Apache Lucene: Part Two - Indexing Concepts

The previous article Apache Lucene: The First Part , was a brief introduction of what Lucene is and a high level overview of how it works. This article will be a deep dive on the concepts behind indexing — mainly Inverted Index and Parsing & Tokenization — so that it becomes easy and intuitive, to understand the code, when we finally reach to it.

Parsing & Tokenization

Whenever a document needs to be indexed, first it needs to be processed. The major reason behind this is making the indexing and searching process more efficient. We’ll discuss some common preprocessing techniques that are widely used when it comes to indexing.

One of the most common steps when it comes to preprocessing is removing stopwords from the document’s content.
What are stopwords ? Stopwords are essentially some common words which are always going to be found in any sort of a document, and eliminating them will have no effect on the main idea of that document. Example — Prepositions (a, an, in, at, on, of, the etc.) These words are excluded, so that they don’t occupy extra space in the index and don’t waste time & resources in searching.

Another common method in preprocessing is Stemming and Lemmatization.

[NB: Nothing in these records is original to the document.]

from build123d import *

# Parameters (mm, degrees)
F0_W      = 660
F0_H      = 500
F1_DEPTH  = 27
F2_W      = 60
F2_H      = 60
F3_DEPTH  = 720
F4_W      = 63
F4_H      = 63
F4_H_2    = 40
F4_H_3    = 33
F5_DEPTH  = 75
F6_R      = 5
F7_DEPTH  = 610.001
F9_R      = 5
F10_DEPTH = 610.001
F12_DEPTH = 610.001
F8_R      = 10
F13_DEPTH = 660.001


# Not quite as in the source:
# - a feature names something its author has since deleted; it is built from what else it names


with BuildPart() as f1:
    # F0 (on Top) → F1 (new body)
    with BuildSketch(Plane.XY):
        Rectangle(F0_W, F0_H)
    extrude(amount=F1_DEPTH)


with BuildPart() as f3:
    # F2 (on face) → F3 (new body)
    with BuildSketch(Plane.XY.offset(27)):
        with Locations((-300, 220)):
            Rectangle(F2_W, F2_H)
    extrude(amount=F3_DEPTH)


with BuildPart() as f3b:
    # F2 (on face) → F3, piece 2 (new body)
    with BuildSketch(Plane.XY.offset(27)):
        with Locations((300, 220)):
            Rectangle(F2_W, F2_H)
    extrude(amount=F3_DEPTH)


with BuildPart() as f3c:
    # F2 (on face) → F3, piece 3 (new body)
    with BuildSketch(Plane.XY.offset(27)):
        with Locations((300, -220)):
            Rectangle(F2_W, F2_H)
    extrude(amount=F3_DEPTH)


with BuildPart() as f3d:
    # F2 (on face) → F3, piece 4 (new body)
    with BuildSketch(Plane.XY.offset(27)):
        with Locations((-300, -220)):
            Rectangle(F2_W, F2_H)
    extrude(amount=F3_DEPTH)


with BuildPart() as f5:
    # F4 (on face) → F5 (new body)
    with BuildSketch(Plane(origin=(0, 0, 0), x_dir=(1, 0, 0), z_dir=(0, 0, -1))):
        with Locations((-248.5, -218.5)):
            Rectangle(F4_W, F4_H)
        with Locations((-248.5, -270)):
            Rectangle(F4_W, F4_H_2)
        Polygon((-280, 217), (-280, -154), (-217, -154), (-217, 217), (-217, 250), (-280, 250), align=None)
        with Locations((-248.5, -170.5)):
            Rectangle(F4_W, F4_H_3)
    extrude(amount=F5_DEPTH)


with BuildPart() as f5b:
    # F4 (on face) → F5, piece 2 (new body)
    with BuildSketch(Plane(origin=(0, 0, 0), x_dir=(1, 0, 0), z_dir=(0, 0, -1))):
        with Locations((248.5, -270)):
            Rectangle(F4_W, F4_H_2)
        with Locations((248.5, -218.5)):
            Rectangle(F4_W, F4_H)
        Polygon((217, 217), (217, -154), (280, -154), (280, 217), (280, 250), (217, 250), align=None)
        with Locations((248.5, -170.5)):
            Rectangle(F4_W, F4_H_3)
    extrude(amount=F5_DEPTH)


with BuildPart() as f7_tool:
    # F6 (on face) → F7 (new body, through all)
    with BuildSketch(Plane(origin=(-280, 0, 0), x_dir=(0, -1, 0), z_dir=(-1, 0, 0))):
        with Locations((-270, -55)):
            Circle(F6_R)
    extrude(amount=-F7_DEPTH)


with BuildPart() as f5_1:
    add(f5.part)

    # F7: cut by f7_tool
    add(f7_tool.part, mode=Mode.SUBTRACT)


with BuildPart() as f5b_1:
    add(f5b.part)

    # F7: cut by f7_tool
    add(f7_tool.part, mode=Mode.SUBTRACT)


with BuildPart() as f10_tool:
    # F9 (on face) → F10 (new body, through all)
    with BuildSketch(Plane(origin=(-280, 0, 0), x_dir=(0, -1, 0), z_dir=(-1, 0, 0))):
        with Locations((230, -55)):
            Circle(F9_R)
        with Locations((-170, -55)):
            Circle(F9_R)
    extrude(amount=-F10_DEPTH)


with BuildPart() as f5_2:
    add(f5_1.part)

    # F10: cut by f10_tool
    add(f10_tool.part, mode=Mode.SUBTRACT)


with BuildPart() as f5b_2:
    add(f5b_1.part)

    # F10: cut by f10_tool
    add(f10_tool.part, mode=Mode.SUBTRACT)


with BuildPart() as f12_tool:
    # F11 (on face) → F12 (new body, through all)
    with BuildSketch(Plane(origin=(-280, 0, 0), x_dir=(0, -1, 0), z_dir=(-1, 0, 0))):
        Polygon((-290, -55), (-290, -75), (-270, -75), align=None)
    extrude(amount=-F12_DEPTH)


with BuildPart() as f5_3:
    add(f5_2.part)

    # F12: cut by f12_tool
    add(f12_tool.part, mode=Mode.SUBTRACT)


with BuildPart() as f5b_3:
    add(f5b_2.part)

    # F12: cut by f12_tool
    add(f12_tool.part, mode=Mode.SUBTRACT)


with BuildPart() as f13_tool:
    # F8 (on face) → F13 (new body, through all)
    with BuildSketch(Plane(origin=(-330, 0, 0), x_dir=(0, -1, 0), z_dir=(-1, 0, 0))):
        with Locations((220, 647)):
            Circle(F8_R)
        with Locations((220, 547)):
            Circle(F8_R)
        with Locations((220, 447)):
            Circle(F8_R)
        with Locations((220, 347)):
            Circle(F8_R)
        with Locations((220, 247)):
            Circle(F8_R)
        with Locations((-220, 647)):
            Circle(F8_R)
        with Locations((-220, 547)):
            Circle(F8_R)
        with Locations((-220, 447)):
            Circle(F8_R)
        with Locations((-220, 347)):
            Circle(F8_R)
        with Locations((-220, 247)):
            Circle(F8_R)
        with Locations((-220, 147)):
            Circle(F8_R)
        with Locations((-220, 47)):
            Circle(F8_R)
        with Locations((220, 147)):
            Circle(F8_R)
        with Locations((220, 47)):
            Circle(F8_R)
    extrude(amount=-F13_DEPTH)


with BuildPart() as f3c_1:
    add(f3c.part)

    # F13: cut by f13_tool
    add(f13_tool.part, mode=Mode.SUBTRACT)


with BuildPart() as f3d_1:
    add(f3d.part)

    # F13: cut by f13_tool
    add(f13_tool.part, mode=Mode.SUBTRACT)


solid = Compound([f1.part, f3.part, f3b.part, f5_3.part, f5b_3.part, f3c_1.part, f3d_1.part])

Stemming and Lemmatization are text normalization processes. The main logic behind these two techniques is to reduce words to their base words. For example
history ,historical, historically have the same base word history. The same word can be used in different forms, for grammatical reasons. From a search engine’s point of view, they are the same and hence it is more efficient to reduce them to the same word, rather than have 3 different words representing the same meaning.
A very popular algorithm for performing this step is Porter’s Algorithm
There are several algorithms to perform this step, other than the Porter’s Algorithm. There’s a great paper on this, which you can read for more information on the different algorithms.

Tokenization
Tokenization is the process of splitting the content into tokens. Tokens are essentially the most basic unit of the content.
A very simple way of tokenization is splitting based on white-space.
For ex: let the content be history repeat itself many time. then a white-space splitting will result in the tokens [history, repeat, itself, many, time].
There are various ways of tokenizing other than just white space splitting — TreeBank Word Tokenization, Punctuation Based Tokenization, etc. To go through them in detail you can reference this article — Tokenization in NLP: Types, Challenges, Examples, Tools

Inverted Index

Once all the preprocessing is done and tokens are available, then the tokens are used to create the index. A very traditional and simple way of creating an index would be to create a table where rows represent the documents and columns the token and any cell would represent if that token is present in a document or not.

rows = documents, columns = tokens, table[i][j] => jth token present in document i

There is one big drawback of this approach, which is that this matrix will be an extremely sparse matrix. Since there will be a large number of tokens, and few will be common amongst any give pair of documents. Thus you will end up using a lot of memory. One way to optimize this is to maintain a table of List, where each row is a document, and list only contains the unique_id of the token

While this saves space, but it still has the issue, that whenever searching is being done, each list will have to be individually checked to see if it has all the tokens of the query.

A better way is to to create a table which contains tokens in rows and the list is of documents

The major advantage of this index is that when searching is being done, you can take the lists of each token of the query, perform a Boolean AND of those lists and return the common documents.

So if the query is comprised of token tk1, tk7, tk35. Then all you have to do is retrieve the lists of these three tokens, and find out the common documents in these lists.

This is a very simple way of how Inverted Index, makes searching easier and more efficient than a standard index.

To read more on Inverted Index you can refer to the following link — https://nlp.stanford.edu/IR-book/html/htmledition/a-first-take-at-building-an-inverted-index-1.html

Now that some basics and background context of indexing, and what an inverted index is, what is stemming, text preprocessing etc is done, we can move on to actually understanding and using Lucene in the next post.

Hope you had fun reading it and if I happen to have made a mistake somewhere, please let me know.